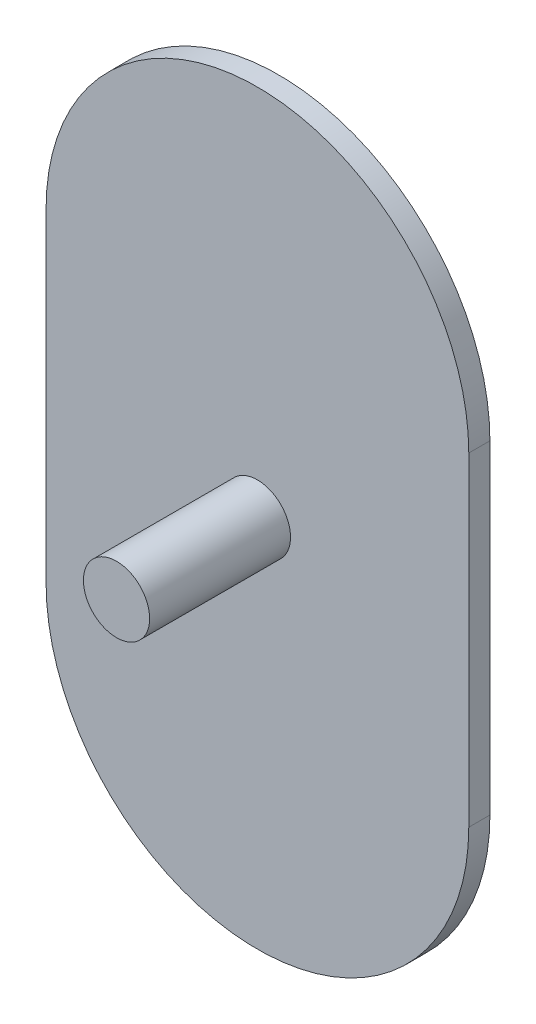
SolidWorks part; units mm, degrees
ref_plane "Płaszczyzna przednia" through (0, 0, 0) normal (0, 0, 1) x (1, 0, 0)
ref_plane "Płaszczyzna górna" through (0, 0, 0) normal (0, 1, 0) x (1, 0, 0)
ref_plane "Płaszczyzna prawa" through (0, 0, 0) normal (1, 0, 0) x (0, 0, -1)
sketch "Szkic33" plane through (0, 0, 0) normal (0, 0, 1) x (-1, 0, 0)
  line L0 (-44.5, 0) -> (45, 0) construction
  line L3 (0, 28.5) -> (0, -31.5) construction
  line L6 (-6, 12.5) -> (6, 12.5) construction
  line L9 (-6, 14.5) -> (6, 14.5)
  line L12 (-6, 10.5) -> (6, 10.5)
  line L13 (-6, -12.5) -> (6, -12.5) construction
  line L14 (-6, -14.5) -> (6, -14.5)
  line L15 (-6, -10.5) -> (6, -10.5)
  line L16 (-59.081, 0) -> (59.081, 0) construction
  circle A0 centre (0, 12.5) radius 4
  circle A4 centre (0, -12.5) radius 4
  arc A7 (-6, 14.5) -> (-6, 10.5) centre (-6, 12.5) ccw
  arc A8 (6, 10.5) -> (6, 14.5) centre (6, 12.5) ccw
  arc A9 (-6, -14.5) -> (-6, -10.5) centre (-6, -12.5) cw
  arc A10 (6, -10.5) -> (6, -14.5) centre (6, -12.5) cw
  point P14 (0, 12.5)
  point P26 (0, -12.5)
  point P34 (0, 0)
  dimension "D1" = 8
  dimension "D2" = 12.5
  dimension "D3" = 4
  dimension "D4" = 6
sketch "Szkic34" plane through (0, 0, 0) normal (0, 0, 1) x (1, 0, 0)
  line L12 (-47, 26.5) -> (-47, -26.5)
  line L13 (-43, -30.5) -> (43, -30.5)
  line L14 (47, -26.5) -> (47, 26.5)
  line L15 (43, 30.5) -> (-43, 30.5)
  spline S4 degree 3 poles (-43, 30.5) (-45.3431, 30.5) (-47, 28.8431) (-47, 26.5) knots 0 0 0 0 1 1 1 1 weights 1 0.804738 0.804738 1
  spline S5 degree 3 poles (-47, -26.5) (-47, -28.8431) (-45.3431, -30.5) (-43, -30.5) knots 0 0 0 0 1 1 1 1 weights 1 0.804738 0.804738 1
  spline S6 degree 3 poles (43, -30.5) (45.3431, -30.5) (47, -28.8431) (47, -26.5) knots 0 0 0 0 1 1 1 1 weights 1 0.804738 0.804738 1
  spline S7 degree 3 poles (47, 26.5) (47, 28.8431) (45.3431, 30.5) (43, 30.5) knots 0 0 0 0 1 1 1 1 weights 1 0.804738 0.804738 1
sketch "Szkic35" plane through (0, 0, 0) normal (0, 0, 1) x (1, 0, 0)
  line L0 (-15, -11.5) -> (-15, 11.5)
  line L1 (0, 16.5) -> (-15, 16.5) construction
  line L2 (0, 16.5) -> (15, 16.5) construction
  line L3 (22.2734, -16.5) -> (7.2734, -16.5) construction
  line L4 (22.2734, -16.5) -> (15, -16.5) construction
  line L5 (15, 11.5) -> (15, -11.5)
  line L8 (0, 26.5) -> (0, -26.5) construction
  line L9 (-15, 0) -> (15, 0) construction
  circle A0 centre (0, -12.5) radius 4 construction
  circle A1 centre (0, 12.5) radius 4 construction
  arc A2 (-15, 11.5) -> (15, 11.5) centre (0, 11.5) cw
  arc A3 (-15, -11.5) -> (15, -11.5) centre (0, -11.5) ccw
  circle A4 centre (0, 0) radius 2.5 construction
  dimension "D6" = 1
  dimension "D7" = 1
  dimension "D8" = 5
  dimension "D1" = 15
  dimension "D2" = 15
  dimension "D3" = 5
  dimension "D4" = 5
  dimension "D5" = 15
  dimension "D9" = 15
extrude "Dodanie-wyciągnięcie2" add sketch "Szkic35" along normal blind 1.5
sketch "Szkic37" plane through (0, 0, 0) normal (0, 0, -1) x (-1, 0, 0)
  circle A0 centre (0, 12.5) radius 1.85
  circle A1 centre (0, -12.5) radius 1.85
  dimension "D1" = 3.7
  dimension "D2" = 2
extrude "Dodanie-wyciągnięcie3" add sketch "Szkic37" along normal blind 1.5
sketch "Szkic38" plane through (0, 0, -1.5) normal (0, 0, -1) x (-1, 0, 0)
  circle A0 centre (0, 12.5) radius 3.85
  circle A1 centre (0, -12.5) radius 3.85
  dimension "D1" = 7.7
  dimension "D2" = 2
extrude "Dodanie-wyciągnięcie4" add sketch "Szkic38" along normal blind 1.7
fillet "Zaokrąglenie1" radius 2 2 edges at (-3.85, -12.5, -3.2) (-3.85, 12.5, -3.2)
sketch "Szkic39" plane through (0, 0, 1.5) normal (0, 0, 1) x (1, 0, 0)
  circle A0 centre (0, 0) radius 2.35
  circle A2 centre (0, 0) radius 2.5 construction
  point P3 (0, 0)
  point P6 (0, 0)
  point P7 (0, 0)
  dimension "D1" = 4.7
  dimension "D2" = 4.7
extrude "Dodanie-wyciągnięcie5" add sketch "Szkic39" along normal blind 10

──────

Activity: Return exactly the lines from the one containing "circle A1 centre (0, -12.5) radius 1.85" to the last line of the data, and nothing more.

Solution to this exercise:
  circle A1 centre (0, -12.5) radius 1.85
  dimension "D1" = 3.7
  dimension "D2" = 2
extrude "Dodanie-wyciągnięcie3" add sketch "Szkic37" along normal blind 1.5
sketch "Szkic38" plane through (0, 0, -1.5) normal (0, 0, -1) x (-1, 0, 0)
  circle A0 centre (0, 12.5) radius 3.85
  circle A1 centre (0, -12.5) radius 3.85
  dimension "D1" = 7.7
  dimension "D2" = 2
extrude "Dodanie-wyciągnięcie4" add sketch "Szkic38" along normal blind 1.7
fillet "Zaokrąglenie1" radius 2 2 edges at (-3.85, -12.5, -3.2) (-3.85, 12.5, -3.2)
sketch "Szkic39" plane through (0, 0, 1.5) normal (0, 0, 1) x (1, 0, 0)
  circle A0 centre (0, 0) radius 2.35
  circle A2 centre (0, 0) radius 2.5 construction
  point P3 (0, 0)
  point P6 (0, 0)
  point P7 (0, 0)
  dimension "D1" = 4.7
  dimension "D2" = 4.7
extrude "Dodanie-wyciągnięcie5" add sketch "Szkic39" along normal blind 10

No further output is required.